§ DATA FOR THE TASK
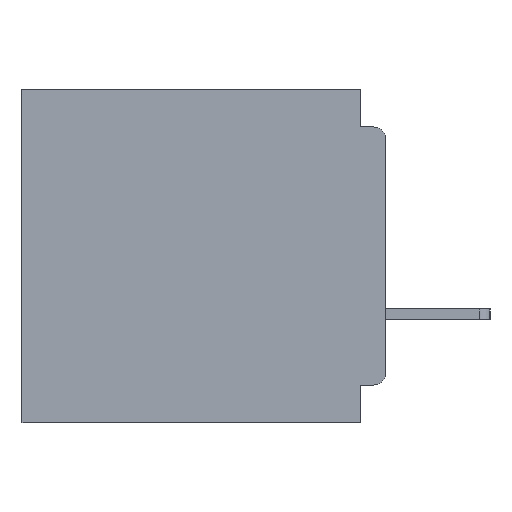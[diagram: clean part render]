
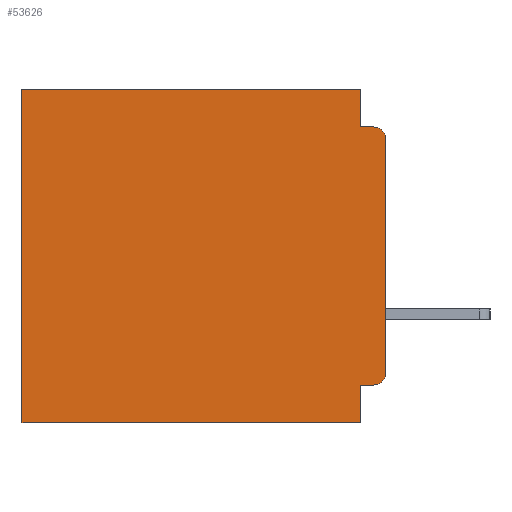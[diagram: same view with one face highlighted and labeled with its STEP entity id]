
A CAD part, left-side view. The second image highlights one B-rep face of the part: STEP entity #53626.
In plain terms, the highlighted planar face has unit normal (-1, 0, 0).
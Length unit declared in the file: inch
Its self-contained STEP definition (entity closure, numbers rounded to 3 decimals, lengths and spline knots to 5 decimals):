
#57 = PLANE ( 'NONE',  #8849 ) ;
#1054 = ORIENTED_EDGE ( 'NONE', *, *, #53941, .F. ) ;
#1423 = VERTEX_POINT ( 'NONE', #9544 ) ;
#1960 = EDGE_CURVE ( 'NONE', #17098, #9258, #18657, .T. ) ;
#3105 = ORIENTED_EDGE ( 'NONE', *, *, #53214, .T. ) ;
#3529 = CARTESIAN_POINT ( 'NONE',  ( 0.3, 0., -0.355 ) ) ;
#4558 = DIRECTION ( 'NONE',  ( 1., 0., 0. ) ) ;
#4599 = DIRECTION ( 'NONE',  ( 0., 1., 0. ) ) ;
#5092 = CARTESIAN_POINT ( 'NONE',  ( 0.3, 0.437, -0.4 ) ) ;
#5851 = CARTESIAN_POINT ( 'NONE',  ( 0.3, 0.437, -0.4 ) ) ;
#6140 = VECTOR ( 'NONE', #46013, 39.37008 ) ;
#7330 = CARTESIAN_POINT ( 'NONE',  ( 0.3, 0., -0.045 ) ) ;
#7483 = VECTOR ( 'NONE', #4599, 39.37008 ) ;
#8558 = EDGE_CURVE ( 'NONE', #9641, #28432, #41395, .T. ) ;
#8792 = VECTOR ( 'NONE', #26586, 39.37008 ) ;
#8849 = AXIS2_PLACEMENT_3D ( 'NONE', #35573, #4558, #35763 ) ;
#9258 = VERTEX_POINT ( 'NONE', #56902 ) ;
#9544 = CARTESIAN_POINT ( 'NONE',  ( 0.3, 0.031, -0.355 ) ) ;
#9641 = VERTEX_POINT ( 'NONE', #33938 ) ;
#10106 = LINE ( 'NONE', #7330, #55927 ) ;
#10374 = CARTESIAN_POINT ( 'NONE',  ( 0.3, 0.015, -0.355 ) ) ;
#10655 = DIRECTION ( 'NONE',  ( -1., 0., 0. ) ) ;
#11323 = EDGE_CURVE ( 'NONE', #9258, #24788, #28521, .T. ) ;
#11394 = ORIENTED_EDGE ( 'NONE', *, *, #26802, .F. ) ;
#12027 = DIRECTION ( 'NONE',  ( 0., -1., 0. ) ) ;
#13653 = EDGE_CURVE ( 'NONE', #17098, #47025, #21722, .T. ) ;
#14334 = CARTESIAN_POINT ( 'NONE',  ( 0.3, 0.031, -0.045 ) ) ;
#15154 = CIRCLE ( 'NONE', #49810, 0.015 ) ;
#16026 = ORIENTED_EDGE ( 'NONE', *, *, #53127, .F. ) ;
#16282 = VECTOR ( 'NONE', #40293, 39.37008 ) ;
#17098 = VERTEX_POINT ( 'NONE', #39914 ) ;
#17239 = VECTOR ( 'NONE', #37133, 39.37008 ) ;
#17279 = ORIENTED_EDGE ( 'NONE', *, *, #8558, .F. ) ;
#18657 = LINE ( 'NONE', #25734, #17239 ) ;
#19984 = CARTESIAN_POINT ( 'NONE',  ( 0.3, 0.015, -0.06 ) ) ;
#21722 = LINE ( 'NONE', #23915, #55604 ) ;
#23069 = VERTEX_POINT ( 'NONE', #41158 ) ;
#23370 = VECTOR ( 'NONE', #48102, 39.37008 ) ;
#23915 = CARTESIAN_POINT ( 'NONE',  ( 0.3, 0.031, 0. ) ) ;
#24274 = FACE_OUTER_BOUND ( 'NONE', #39642, .T. ) ;
#24482 = DIRECTION ( 'NONE',  ( 0., 0., -1. ) ) ;
#24788 = VERTEX_POINT ( 'NONE', #5092 ) ;
#25734 = CARTESIAN_POINT ( 'NONE',  ( 0.3, 0., 0. ) ) ;
#26388 = CIRCLE ( 'NONE', #50927, 0.015 ) ;
#26586 = DIRECTION ( 'NONE',  ( 0., 0., -1. ) ) ;
#26802 = EDGE_CURVE ( 'NONE', #47025, #46866, #10106, .T. ) ;
#27226 = ORIENTED_EDGE ( 'NONE', *, *, #13653, .F. ) ;
#28432 = VERTEX_POINT ( 'NONE', #50925 ) ;
#28521 = LINE ( 'NONE', #5851, #6140 ) ;
#28915 = LINE ( 'NONE', #3529, #23370 ) ;
#32769 = ORIENTED_EDGE ( 'NONE', *, *, #40706, .F. ) ;
#32903 = ORIENTED_EDGE ( 'NONE', *, *, #1960, .T. ) ;
#33570 = EDGE_CURVE ( 'NONE', #9641, #46866, #26388, .T. ) ;
#33743 = ORIENTED_EDGE ( 'NONE', *, *, #11323, .T. ) ;
#33938 = CARTESIAN_POINT ( 'NONE',  ( 0.3, 0., -0.06 ) ) ;
#35573 = CARTESIAN_POINT ( 'NONE',  ( 0.3, 0., -0.4 ) ) ;
#35763 = DIRECTION ( 'NONE',  ( 0., 0., -1. ) ) ;
#36776 = VERTEX_POINT ( 'NONE', #10374 ) ;
#37133 = DIRECTION ( 'NONE',  ( 0., 1., 0. ) ) ;
#37386 = CARTESIAN_POINT ( 'NONE',  ( 0.3, 0.015, -0.34 ) ) ;
#37659 = ORIENTED_EDGE ( 'NONE', *, *, #33570, .T. ) ;
#39642 = EDGE_LOOP ( 'NONE', ( #17279, #37659, #11394, #27226, #32903, #33743, #16026, #1054, #32769, #3105 ) ) ;
#39914 = CARTESIAN_POINT ( 'NONE',  ( 0.3, 0.031, 0. ) ) ;
#40271 = CARTESIAN_POINT ( 'NONE',  ( 0.3, 0., -0.4 ) ) ;
#40293 = DIRECTION ( 'NONE',  ( 0., 0., -1. ) ) ;
#40706 = EDGE_CURVE ( 'NONE', #36776, #1423, #28915, .T. ) ;
#41158 = CARTESIAN_POINT ( 'NONE',  ( 0.3, 0.031, -0.4 ) ) ;
#41395 = LINE ( 'NONE', #44801, #16282 ) ;
#41851 = DIRECTION ( 'NONE',  ( 0., 0., -1. ) ) ;
#44801 = CARTESIAN_POINT ( 'NONE',  ( 0.3, 0., -0.4 ) ) ;
#46013 = DIRECTION ( 'NONE',  ( 0., 0., -1. ) ) ;
#46230 = DIRECTION ( 'NONE',  ( 0., 0., -1. ) ) ;
#46866 = VERTEX_POINT ( 'NONE', #48754 ) ;
#47025 = VERTEX_POINT ( 'NONE', #14334 ) ;
#48102 = DIRECTION ( 'NONE',  ( 0., 1., 0. ) ) ;
#48754 = CARTESIAN_POINT ( 'NONE',  ( 0.3, 0.015, -0.045 ) ) ;
#49810 = AXIS2_PLACEMENT_3D ( 'NONE', #37386, #10655, #41851 ) ;
#50925 = CARTESIAN_POINT ( 'NONE',  ( 0.3, 0., -0.34 ) ) ;
#50927 = AXIS2_PLACEMENT_3D ( 'NONE', #19984, #50987, #24482 ) ;
#50987 = DIRECTION ( 'NONE',  ( -1., 0., 0. ) ) ;
#53127 = EDGE_CURVE ( 'NONE', #23069, #24788, #53377, .T. ) ;
#53214 = EDGE_CURVE ( 'NONE', #36776, #28432, #15154, .T. ) ;
#53377 = LINE ( 'NONE', #40271, #7483 ) ;
#53626 = ADVANCED_FACE ( 'NONE', ( #24274 ), #57, .F. ) ;
#53941 = EDGE_CURVE ( 'NONE', #1423, #23069, #56014, .T. ) ;
#55604 = VECTOR ( 'NONE', #46230, 39.37008 ) ;
#55927 = VECTOR ( 'NONE', #12027, 39.37008 ) ;
#56014 = LINE ( 'NONE', #57439, #8792 ) ;
#56902 = CARTESIAN_POINT ( 'NONE',  ( 0.3, 0.437, 0. ) ) ;
#57439 = CARTESIAN_POINT ( 'NONE',  ( 0.3, 0.031, -0.4 ) ) ;

§ WHAT YOU SHOULD DO
Take the line holding "#53377 = LINE ( 'NONE', #40271, #7483 ) ;" and all lines after it through the end of the data, and set them down exactly.

§ REPLY
#53377 = LINE ( 'NONE', #40271, #7483 ) ;
#53626 = ADVANCED_FACE ( 'NONE', ( #24274 ), #57, .F. ) ;
#53941 = EDGE_CURVE ( 'NONE', #1423, #23069, #56014, .T. ) ;
#55604 = VECTOR ( 'NONE', #46230, 39.37008 ) ;
#55927 = VECTOR ( 'NONE', #12027, 39.37008 ) ;
#56014 = LINE ( 'NONE', #57439, #8792 ) ;
#56902 = CARTESIAN_POINT ( 'NONE',  ( 0.3, 0.437, 0. ) ) ;
#57439 = CARTESIAN_POINT ( 'NONE',  ( 0.3, 0.031, -0.4 ) ) ;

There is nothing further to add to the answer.